This vile piece of diplomacy has one intention according to Francis Boyle, a professor of law at the University of Illinois at Urbana-Champaign "People could be prosecuted for simply helping people involved in the situation in Northern Ireland. The UK government does not need this treaty to get Real or Continuity IRA people. They already can under the current treaty as supplemented in the 1980's. This treaty is really aimed at shutting down Irish-American organizations and individuals."

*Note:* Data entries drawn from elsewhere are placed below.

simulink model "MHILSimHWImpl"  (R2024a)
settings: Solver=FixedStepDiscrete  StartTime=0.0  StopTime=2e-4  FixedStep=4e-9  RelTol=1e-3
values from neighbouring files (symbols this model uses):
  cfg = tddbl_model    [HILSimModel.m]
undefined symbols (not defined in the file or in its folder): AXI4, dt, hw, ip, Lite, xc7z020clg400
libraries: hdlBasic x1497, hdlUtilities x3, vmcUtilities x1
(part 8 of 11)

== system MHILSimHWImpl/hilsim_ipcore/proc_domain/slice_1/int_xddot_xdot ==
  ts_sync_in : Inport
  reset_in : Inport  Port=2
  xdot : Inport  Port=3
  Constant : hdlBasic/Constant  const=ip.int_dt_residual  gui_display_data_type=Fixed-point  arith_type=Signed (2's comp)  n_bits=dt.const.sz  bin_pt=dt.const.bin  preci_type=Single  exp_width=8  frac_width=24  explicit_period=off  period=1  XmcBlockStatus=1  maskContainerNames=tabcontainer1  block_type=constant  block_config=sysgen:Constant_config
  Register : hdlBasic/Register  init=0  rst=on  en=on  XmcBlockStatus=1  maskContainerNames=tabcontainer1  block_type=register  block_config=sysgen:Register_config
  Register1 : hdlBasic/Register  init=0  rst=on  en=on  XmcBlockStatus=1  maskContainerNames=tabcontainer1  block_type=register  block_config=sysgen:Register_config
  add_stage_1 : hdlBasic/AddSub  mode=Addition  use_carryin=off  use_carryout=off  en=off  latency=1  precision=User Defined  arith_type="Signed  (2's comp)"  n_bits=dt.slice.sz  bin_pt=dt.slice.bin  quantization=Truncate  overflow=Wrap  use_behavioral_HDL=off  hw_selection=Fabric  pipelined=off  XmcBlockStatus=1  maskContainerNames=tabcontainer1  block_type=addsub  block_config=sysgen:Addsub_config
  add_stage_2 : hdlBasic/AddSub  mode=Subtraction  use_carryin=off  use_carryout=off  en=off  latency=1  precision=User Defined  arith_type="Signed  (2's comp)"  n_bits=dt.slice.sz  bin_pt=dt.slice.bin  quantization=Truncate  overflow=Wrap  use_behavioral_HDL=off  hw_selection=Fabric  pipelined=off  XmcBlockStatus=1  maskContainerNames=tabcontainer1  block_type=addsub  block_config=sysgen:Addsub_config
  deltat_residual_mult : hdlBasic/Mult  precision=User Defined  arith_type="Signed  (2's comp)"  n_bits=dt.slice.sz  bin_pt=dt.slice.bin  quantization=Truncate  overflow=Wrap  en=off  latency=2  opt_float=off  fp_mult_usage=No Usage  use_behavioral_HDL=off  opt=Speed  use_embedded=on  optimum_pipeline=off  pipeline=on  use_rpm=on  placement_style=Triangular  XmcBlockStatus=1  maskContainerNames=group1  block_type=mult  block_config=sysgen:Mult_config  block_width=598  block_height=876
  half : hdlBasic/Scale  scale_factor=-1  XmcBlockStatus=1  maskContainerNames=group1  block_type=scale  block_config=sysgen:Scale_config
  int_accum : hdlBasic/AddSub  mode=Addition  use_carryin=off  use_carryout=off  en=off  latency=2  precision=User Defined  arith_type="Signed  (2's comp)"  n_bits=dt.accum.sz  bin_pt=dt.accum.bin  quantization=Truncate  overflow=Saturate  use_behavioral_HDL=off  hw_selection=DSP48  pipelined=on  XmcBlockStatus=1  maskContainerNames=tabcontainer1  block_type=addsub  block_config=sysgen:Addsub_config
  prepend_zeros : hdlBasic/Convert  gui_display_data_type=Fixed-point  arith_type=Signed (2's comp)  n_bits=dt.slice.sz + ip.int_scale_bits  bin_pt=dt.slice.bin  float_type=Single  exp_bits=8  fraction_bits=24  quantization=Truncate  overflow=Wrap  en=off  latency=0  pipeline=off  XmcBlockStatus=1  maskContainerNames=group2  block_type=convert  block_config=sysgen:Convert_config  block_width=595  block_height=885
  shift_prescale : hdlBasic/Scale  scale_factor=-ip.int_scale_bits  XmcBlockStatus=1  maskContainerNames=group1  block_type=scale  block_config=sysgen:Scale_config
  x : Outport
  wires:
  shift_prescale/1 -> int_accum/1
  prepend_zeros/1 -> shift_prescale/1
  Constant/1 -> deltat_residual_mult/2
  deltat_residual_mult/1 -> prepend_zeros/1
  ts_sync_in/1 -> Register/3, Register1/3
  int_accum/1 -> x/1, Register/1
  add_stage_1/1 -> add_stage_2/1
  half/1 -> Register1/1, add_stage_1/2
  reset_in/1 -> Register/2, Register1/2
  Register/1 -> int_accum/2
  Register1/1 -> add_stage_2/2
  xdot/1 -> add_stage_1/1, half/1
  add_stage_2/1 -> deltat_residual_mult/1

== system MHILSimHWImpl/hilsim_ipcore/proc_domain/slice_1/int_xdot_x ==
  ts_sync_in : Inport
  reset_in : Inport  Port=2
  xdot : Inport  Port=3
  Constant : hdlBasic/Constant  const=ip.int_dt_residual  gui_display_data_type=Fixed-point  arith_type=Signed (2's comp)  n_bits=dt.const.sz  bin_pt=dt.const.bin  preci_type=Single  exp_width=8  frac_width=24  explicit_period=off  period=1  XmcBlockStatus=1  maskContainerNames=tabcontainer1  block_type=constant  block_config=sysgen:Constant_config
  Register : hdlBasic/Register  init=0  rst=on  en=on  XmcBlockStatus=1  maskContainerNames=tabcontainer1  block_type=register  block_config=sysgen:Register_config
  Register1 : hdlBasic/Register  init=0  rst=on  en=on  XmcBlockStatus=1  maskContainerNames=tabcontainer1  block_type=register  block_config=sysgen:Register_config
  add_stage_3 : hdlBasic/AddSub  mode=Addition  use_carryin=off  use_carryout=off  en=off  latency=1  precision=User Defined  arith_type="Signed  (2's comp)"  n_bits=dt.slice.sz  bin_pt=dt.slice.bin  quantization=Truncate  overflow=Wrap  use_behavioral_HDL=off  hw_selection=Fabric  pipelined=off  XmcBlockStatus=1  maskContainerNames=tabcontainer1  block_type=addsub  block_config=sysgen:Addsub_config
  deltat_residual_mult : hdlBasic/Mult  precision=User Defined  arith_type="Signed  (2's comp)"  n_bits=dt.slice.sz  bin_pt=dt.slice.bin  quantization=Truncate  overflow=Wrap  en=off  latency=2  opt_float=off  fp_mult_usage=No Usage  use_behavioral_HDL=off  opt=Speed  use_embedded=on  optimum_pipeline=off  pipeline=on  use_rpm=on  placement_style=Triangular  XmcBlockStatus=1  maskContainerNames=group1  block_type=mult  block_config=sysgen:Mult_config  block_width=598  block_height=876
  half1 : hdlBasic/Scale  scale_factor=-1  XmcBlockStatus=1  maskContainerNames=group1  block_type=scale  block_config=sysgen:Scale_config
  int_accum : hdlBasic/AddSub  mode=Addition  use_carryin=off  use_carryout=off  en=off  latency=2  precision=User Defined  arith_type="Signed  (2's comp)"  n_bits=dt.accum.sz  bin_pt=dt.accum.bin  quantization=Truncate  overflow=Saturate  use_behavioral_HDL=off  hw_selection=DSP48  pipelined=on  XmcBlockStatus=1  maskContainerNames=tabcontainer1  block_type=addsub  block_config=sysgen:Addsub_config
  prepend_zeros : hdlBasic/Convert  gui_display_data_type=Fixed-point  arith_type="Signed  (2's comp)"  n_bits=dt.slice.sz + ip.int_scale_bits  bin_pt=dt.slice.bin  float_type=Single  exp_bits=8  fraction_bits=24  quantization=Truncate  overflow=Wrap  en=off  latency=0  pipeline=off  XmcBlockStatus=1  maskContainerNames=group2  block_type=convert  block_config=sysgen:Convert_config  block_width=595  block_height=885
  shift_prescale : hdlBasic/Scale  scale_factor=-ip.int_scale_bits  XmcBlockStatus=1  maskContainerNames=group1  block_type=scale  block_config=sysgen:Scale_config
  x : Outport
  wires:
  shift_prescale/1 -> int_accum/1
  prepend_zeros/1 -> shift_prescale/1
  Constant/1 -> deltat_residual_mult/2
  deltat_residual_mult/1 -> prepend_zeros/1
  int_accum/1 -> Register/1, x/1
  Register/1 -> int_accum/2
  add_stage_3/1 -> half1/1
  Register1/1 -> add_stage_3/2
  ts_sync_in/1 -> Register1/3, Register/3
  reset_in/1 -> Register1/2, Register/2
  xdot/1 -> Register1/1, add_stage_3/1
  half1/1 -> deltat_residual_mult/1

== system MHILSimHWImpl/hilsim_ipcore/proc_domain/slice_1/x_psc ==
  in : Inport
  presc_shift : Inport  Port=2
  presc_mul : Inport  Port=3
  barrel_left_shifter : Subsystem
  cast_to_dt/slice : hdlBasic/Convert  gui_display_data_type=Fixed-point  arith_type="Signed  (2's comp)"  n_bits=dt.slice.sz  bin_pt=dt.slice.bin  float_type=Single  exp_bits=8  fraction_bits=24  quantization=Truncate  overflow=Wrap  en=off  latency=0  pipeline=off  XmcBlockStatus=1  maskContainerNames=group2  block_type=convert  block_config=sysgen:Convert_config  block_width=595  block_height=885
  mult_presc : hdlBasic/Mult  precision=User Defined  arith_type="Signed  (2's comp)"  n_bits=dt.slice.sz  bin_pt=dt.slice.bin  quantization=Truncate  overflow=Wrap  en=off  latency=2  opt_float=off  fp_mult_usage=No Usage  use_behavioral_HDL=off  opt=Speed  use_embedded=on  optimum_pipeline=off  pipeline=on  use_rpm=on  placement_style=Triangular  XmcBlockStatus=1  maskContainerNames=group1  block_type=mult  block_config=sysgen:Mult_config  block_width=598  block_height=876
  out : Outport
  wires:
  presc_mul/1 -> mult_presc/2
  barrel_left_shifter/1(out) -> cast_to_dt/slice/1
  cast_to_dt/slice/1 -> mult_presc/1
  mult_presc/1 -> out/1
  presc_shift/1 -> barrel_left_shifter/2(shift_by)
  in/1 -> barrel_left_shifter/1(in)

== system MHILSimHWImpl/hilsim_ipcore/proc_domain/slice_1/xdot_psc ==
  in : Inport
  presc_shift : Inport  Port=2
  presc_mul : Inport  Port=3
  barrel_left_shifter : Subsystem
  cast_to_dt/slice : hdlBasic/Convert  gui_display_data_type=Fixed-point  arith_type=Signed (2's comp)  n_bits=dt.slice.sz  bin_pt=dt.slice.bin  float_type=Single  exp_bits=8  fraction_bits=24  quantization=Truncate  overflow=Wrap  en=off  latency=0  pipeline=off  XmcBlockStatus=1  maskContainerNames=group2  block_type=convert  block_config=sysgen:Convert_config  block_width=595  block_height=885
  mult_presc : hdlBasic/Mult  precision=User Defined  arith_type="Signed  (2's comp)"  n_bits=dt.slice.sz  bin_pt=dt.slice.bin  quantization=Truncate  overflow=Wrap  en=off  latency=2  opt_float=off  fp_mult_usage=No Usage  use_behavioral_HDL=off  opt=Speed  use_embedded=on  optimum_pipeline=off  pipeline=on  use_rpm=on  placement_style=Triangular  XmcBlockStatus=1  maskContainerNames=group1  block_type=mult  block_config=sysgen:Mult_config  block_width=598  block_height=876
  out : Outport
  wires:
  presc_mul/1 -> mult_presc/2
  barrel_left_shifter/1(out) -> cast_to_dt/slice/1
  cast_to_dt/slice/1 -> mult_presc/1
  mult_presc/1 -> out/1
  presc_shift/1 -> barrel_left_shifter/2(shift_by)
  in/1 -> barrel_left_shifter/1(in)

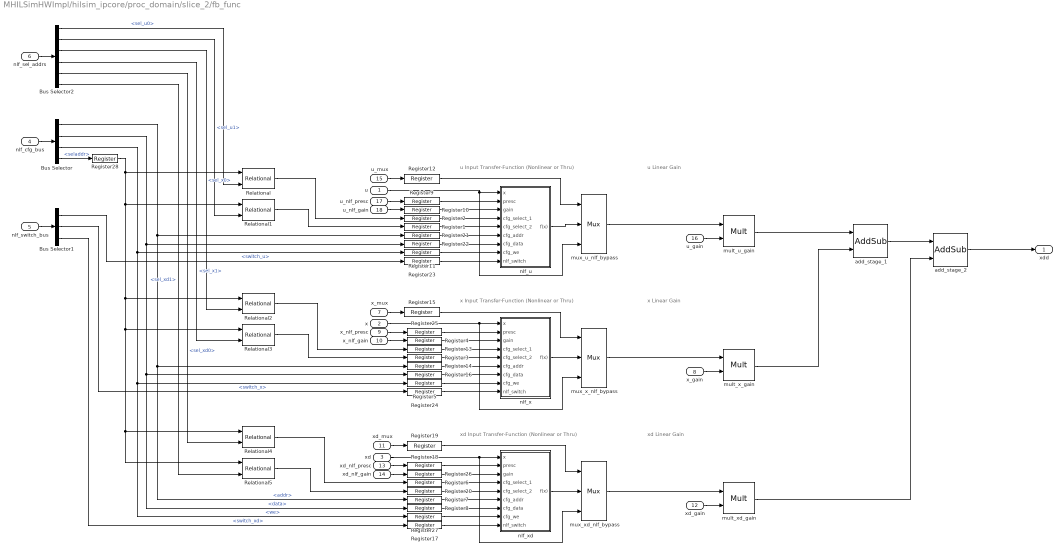
== system MHILSimHWImpl/hilsim_ipcore/proc_domain/slice_2/fb_func ==
  note: u Linear Gain
  note: x Linear Gain
  note: xd Linear Gain
  note: x Input Transfer-Function (Nonlinear or Thru)
  note: xd Input Transfer-Function (Nonlinear or Thru)
  note: u Input Transfer-Function (Nonlinear or Thru)
  u : Inport
  x : Inport  Port=2
  xd : Inport  Port=3
  nlf_cfg_bus : Inport  Port=4
  nlf_switch_bus : Inport  Port=5
  nlf_sel_addrs : Inport  Port=6
  x_mux : Inport  Port=7
  x_gain : Inport  Port=8
  x_nlf_presc : Inport  Port=9
  x_nlf_gain : Inport  Port=10
  xd_mux : Inport  Port=11
  xd_gain : Inport  Port=12
  xd_nlf_presc : Inport  Port=13
  xd_nlf_gain : Inport  Port=14
  u_mux : Inport  Port=15
  u_gain : Inport  Port=16
  u_nlf_presc : Inport  Port=17
  u_nlf_gain : Inport  Port=18
  Bus Selector : BusSelector  OutputSignals=addr,data,we,seladdr
  Bus Selector1 : BusSelector  OutputSignals=switch_u,switch_x,switch_xd
  Bus Selector2 : BusSelector  OutputSignals=sel_u0,sel_u1,sel_x0,sel_x1,sel_xd0,sel_xd1
  Register{1..28} (28 alike) : hdlBasic/Register  init=0  rst=off  en=off  XmcBlockStatus=1  maskContainerNames=tabcontainer1  block_type=register  block_config=sysgen:Register_config
  Relational{,1..5} (6 alike) : hdlBasic/Relational  mode=a=b  op_type=Bool  en=off  latency=1  XmcBlockStatus=1  maskContainerNames=tabcontainer1  block_type=relational  block_config=sysgen:Relational_config
  add_stage_1 : hdlBasic/AddSub  mode=Addition  use_carryin=off  use_carryout=off  en=off  latency=1  precision=User Defined  arith_type="Signed  (2's comp)"  n_bits=dt.slice.sz  bin_pt=dt.slice.bin  quantization=Truncate  overflow=Wrap  use_behavioral_HDL=off  hw_selection=Fabric  pipelined=off  XmcBlockStatus=1  maskContainerNames=tabcontainer1  block_type=addsub  block_config=sysgen:Addsub_config
  add_stage_2 : hdlBasic/AddSub  mode=Addition  use_carryin=off  use_carryout=off  en=off  latency=1  precision=User Defined  arith_type="Signed  (2's comp)"  n_bits=dt.slice.sz  bin_pt=dt.slice.bin  quantization=Truncate  overflow=Wrap  use_behavioral_HDL=off  hw_selection=Fabric  pipelined=off  XmcBlockStatus=1  maskContainerNames=tabcontainer1  block_type=addsub  block_config=sysgen:Addsub_config
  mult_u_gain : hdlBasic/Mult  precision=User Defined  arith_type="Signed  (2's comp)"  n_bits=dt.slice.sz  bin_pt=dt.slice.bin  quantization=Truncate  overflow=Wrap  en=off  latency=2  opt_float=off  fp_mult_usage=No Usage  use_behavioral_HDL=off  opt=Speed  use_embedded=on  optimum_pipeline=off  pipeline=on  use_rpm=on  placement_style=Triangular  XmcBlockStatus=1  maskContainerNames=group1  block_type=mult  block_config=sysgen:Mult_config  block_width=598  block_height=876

Please help Irish-born American citizens and Irish-Americans by writing to your state's Senators and most importantly to the members of the Senate Foreign Relations Committee. If the Foreign Relations Committee rejects this treaty in its present form, it's over. You can get information on the Senator's mailing addresses at: www.members.senate.gov/index.htm.

You can also get more information on this at the website of the Irish American Unity conference: www.iauc.org and also at this site:
http://members.freespeech.org/irishpows/bb3/extradition_treaty_ACTION.htm. The ACLU also has information about this at their website.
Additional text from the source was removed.